You can keep taking him out and see if he settles but some horses just don't trail... just like some horses just don't show... I have a qh that is perfect at home, you'd think she could win the world watching her ride at home... take her to a show and she looks like an arab, head all in the sky, tail ringing, nasty whitchy little thing....

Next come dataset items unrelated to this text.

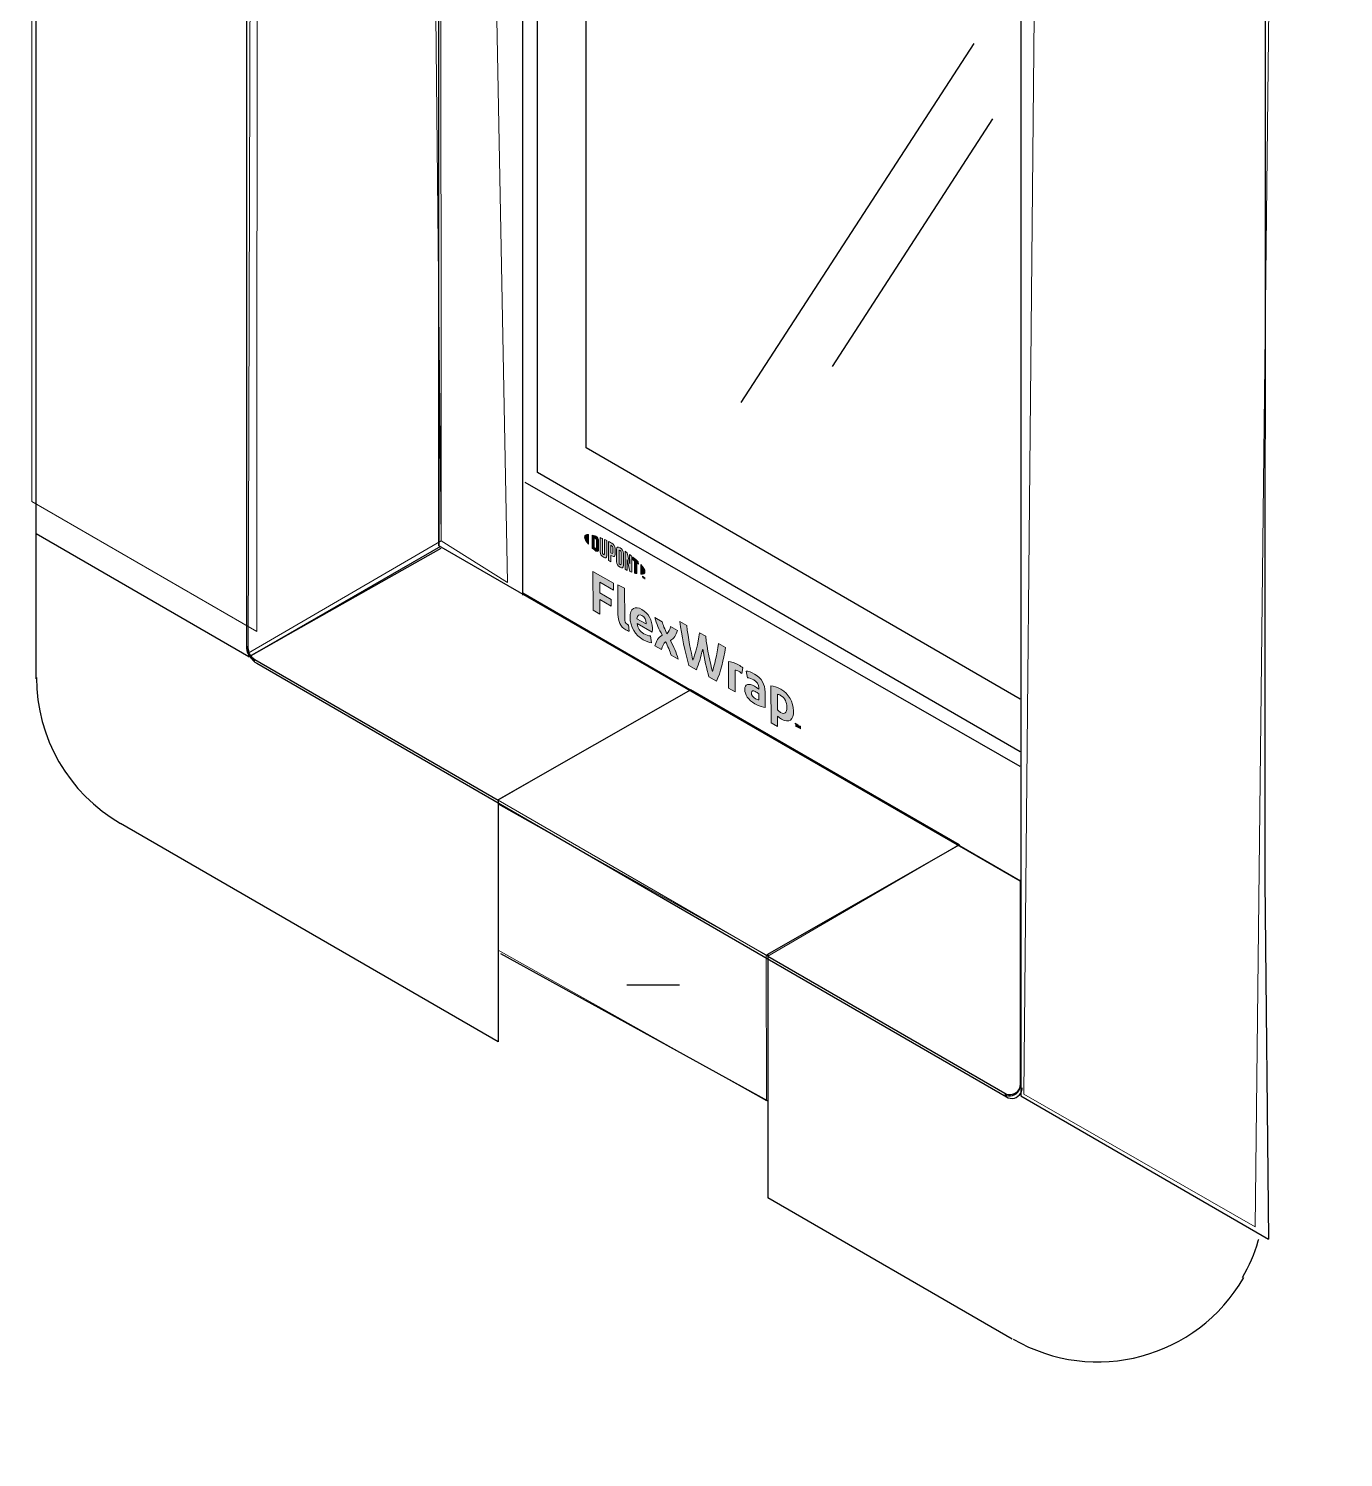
# Model space of a CAD drawing. Header units: inches. Extents: x -22 to 84, y -21 to 19.
# Drawn here: x 47.33 to 49.279, y -3.284 to -1.166 of the extents above; entities that cross this region are included whole.
import ezdxf

# ---------------------------------------------------------------- set-up
doc = ezdxf.new("R2010")
doc.units = ezdxf.units.IN
doc.header["$MEASUREMENT"] = 0
for name, color, linetype, lineweight in [('G-ANNO-TTLB', 7, 'Continuous', 0), ('Layer 12', 7, 'Continuous', 0), ('TYVEK', 7, 'Continuous', 0)]:
    doc.layers.add(name, color=color, linetype=linetype, lineweight=lineweight)
pattern_1 = [(45, (0, 0), (-7.071, 7.071), [])]

# ---------------------------------------------------------------- blocks, each defined once
blk = doc.blocks.new('Block_49')
at = {"layer": 'TYVEK', "true_color": 0x003b71, "transparency": 33554687}
h = blk.add_hatch(color=156, dxfattribs=at)
h.dxf.hatch_style = 2
edge = h.paths.add_edge_path()
edge.add_spline(control_points=[(48.1664, -2.0281), (48.1664, -2.0281), (48.1663, -1.9706), (48.1663, -1.9706), (48.1663, -1.9706), (48.1966, -1.9881), (48.1966, -1.9881), (48.1966, -1.9881), (48.1967, -1.9981), (48.1967, -1.9981), (48.1967, -1.9981), (48.1765, -1.9865), (48.1765, -1.9865), (48.1765, -1.9865), (48.1765, -2.0021), (48.1765, -2.0021), (48.1765, -2.0021), (48.1935, -2.0119), (48.1935, -2.0119), (48.1935, -2.0119), (48.1935, -2.0219), (48.1935, -2.0219), (48.1935, -2.0219), (48.1766, -2.0121), (48.1766, -2.0121), (48.1766, -2.0121), (48.1766, -2.034), (48.1766, -2.034), (48.1766, -2.034), (48.1664, -2.0281), (48.1664, -2.0281)], knot_values=[0, 0, 0, 0, 1, 1, 1, 2, 2, 2, 3, 3, 3, 4, 4, 4, 5, 5, 5, 6, 6, 6, 7, 7, 7, 8, 8, 8, 9, 9, 9, 10, 10, 10, 10], degree=3, periodic=0)
h = blk.add_hatch(color=156, dxfattribs=at)
h.dxf.hatch_style = 2
edge = h.paths.add_edge_path()
edge.add_spline(control_points=[(48.2133, -2.0399), (48.2133, -2.0443), (48.2143, -2.0473), (48.2171, -2.0489), (48.2179, -2.0493), (48.2186, -2.0496), (48.2192, -2.0498), (48.2192, -2.0498), (48.2199, -2.0592), (48.2199, -2.0592), (48.2186, -2.0588), (48.2164, -2.0578), (48.215, -2.057), (48.2068, -2.0523), (48.2035, -2.0442), (48.2034, -2.0344), (48.2034, -2.0344), (48.2033, -1.9905), (48.2033, -1.9905), (48.2033, -1.9905), (48.2132, -1.9955), (48.2132, -1.9955), (48.2132, -1.9955), (48.2133, -2.0399), (48.2133, -2.0399)], knot_values=[0, 0, 0, 0, 1, 1, 1, 2, 2, 2, 3, 3, 3, 4, 4, 4, 5, 5, 5, 6, 6, 6, 7, 7, 7, 8, 8, 8, 8], degree=3, periodic=0)
h = blk.add_hatch(color=156, dxfattribs=at)
h.dxf.hatch_style = 2
edge = h.paths.add_edge_path()
edge.add_spline(control_points=[(48.2315, -2.0406), (48.2315, -2.0406), (48.245, -2.0483), (48.245, -2.0483), (48.245, -2.0483), (48.245, -2.0473), (48.245, -2.0473), (48.245, -2.0427), (48.2429, -2.0382), (48.2389, -2.0359), (48.2348, -2.0335), (48.2321, -2.0353), (48.2315, -2.0406)], knot_values=[0, 0, 0, 0, 1, 1, 1, 2, 2, 2, 3, 3, 3, 4, 4, 4, 4], degree=3, periodic=0)
edge = h.paths.add_edge_path()
edge.add_spline(control_points=[(48.2531, -2.0761), (48.25, -2.076), (48.2454, -2.0745), (48.2407, -2.0718), (48.2292, -2.0652), (48.2213, -2.0523), (48.2213, -2.0387), (48.2213, -2.0256), (48.2285, -2.0209), (48.2389, -2.0269), (48.2483, -2.0322), (48.2544, -2.0434), (48.2544, -2.0544), (48.2544, -2.0569), (48.2543, -2.0589), (48.2542, -2.0605), (48.2542, -2.0605), (48.2316, -2.0475), (48.2316, -2.0475), (48.2326, -2.0546), (48.2359, -2.0595), (48.2416, -2.0628), (48.2451, -2.0648), (48.2485, -2.0658), (48.2515, -2.0661), (48.2515, -2.0661), (48.2531, -2.0761), (48.2531, -2.0761)], knot_values=[0, 0, 0, 0, 1, 1, 1, 2, 2, 2, 3, 3, 3, 4, 4, 4, 5, 5, 5, 6, 6, 6, 7, 7, 7, 8, 8, 8, 9, 9, 9, 9], degree=3, periodic=0)
h = blk.add_hatch(color=156, dxfattribs=at)
h.dxf.hatch_style = 2
edge = h.paths.add_edge_path()
edge.add_spline(control_points=[(48.269, -2.065), (48.2642, -2.0562), (48.2604, -2.0484), (48.2582, -2.0389), (48.2582, -2.0389), (48.2688, -2.045), (48.2688, -2.045), (48.2697, -2.0492), (48.2729, -2.0566), (48.276, -2.0631), (48.2786, -2.0601), (48.2809, -2.0565), (48.2814, -2.0522), (48.2814, -2.0522), (48.2914, -2.058), (48.2914, -2.058), (48.2895, -2.0654), (48.2864, -2.0696), (48.2811, -2.0729), (48.2862, -2.0825), (48.2897, -2.0902), (48.2927, -2.1006), (48.2927, -2.1006), (48.2821, -2.0945), (48.2821, -2.0945), (48.2806, -2.0891), (48.277, -2.0809), (48.274, -2.0746), (48.2713, -2.0776), (48.2687, -2.0811), (48.2677, -2.0863), (48.2677, -2.0863), (48.2582, -2.0808), (48.2582, -2.0808), (48.26, -2.0733), (48.2633, -2.0687), (48.269, -2.065)], knot_values=[0, 0, 0, 0, 1, 1, 1, 2, 2, 2, 3, 3, 3, 4, 4, 4, 5, 5, 5, 6, 6, 6, 7, 7, 7, 8, 8, 8, 9, 9, 9, 10, 10, 10, 11, 11, 11, 12, 12, 12, 12], degree=3, periodic=0)
h = blk.add_hatch(color=156, dxfattribs=at)
h.dxf.hatch_style = 2
edge = h.paths.add_edge_path()
edge.add_spline(control_points=[(48.3523, -2.0774), (48.3523, -2.0774), (48.3627, -2.0834), (48.3627, -2.0834), (48.3601, -2.101), (48.3554, -2.1209), (48.3494, -2.1332), (48.3494, -2.1332), (48.3382, -2.1268), (48.3382, -2.1268), (48.3347, -2.1145), (48.3315, -2.1006), (48.3289, -2.0856), (48.3262, -2.0976), (48.3232, -2.1079), (48.3196, -2.1161), (48.3196, -2.1161), (48.3084, -2.1097), (48.3084, -2.1097), (48.3027, -2.0906), (48.2976, -2.0651), (48.2949, -2.0445), (48.2949, -2.0445), (48.3052, -2.0504), (48.3052, -2.0504), (48.3075, -2.069), (48.3115, -2.0908), (48.3145, -2.1021), (48.3175, -2.0942), (48.3222, -2.0781), (48.3243, -2.0613), (48.3243, -2.0613), (48.3334, -2.0666), (48.3334, -2.0666), (48.3356, -2.0857), (48.3402, -2.1073), (48.3434, -2.1187), (48.3462, -2.1107), (48.3502, -2.0936), (48.3523, -2.0774)], knot_values=[0, 0, 0, 0, 1, 1, 1, 2, 2, 2, 3, 3, 3, 4, 4, 4, 5, 5, 5, 6, 6, 6, 7, 7, 7, 8, 8, 8, 9, 9, 9, 10, 10, 10, 11, 11, 11, 12, 12, 12, 13, 13, 13, 13], degree=3, periodic=0)
h = blk.add_hatch(color=156, dxfattribs=at)
h.dxf.hatch_style = 2
edge = h.paths.add_edge_path()
edge.add_spline(control_points=[(48.3821, -2.109), (48.3846, -2.1105), (48.3871, -2.1122), (48.3885, -2.1135), (48.3885, -2.1135), (48.3871, -2.1219), (48.3871, -2.1219), (48.3859, -2.1207), (48.3844, -2.1197), (48.3829, -2.1189), (48.3802, -2.1173), (48.3785, -2.1169), (48.377, -2.1169), (48.377, -2.1169), (48.377, -2.1491), (48.377, -2.1491), (48.377, -2.1491), (48.3672, -2.1434), (48.3672, -2.1434), (48.3672, -2.1434), (48.3671, -2.1041), (48.3671, -2.1041), (48.371, -2.1041), (48.3769, -2.1061), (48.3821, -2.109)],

i have a gelding that rides all day at home and bucks in the show ring........


----------



## jiffers328 (May 29, 2008)

yeah..

i love to take him places new, i just hope he gets better at it!
i havent fallin off in the 7 years that ive ridden, and i know its gunna happen sometime, but i really dont want it to happen on a trail!!
i think once i fall off, ill be more confident because ill know how it feels and hopefully he will sence that im not nervous anymore, so he might calm down.


----------



## Dumas'_Grrrl (Apr 2, 2008)

Like the other gals said..The horse just needs time and patience and HOPEFULLY that will be enough to turn it around. Sometimes it just doesn't happen tho. Good Luck! I'd take him out little by little even if its just 200yard further each time.....maybe that would help.


----------



## jiffers328 (May 29, 2008)

cool thanks! 

im gunna go on alot of trail rides this summer when school get out so hopefully he'll improve!


----------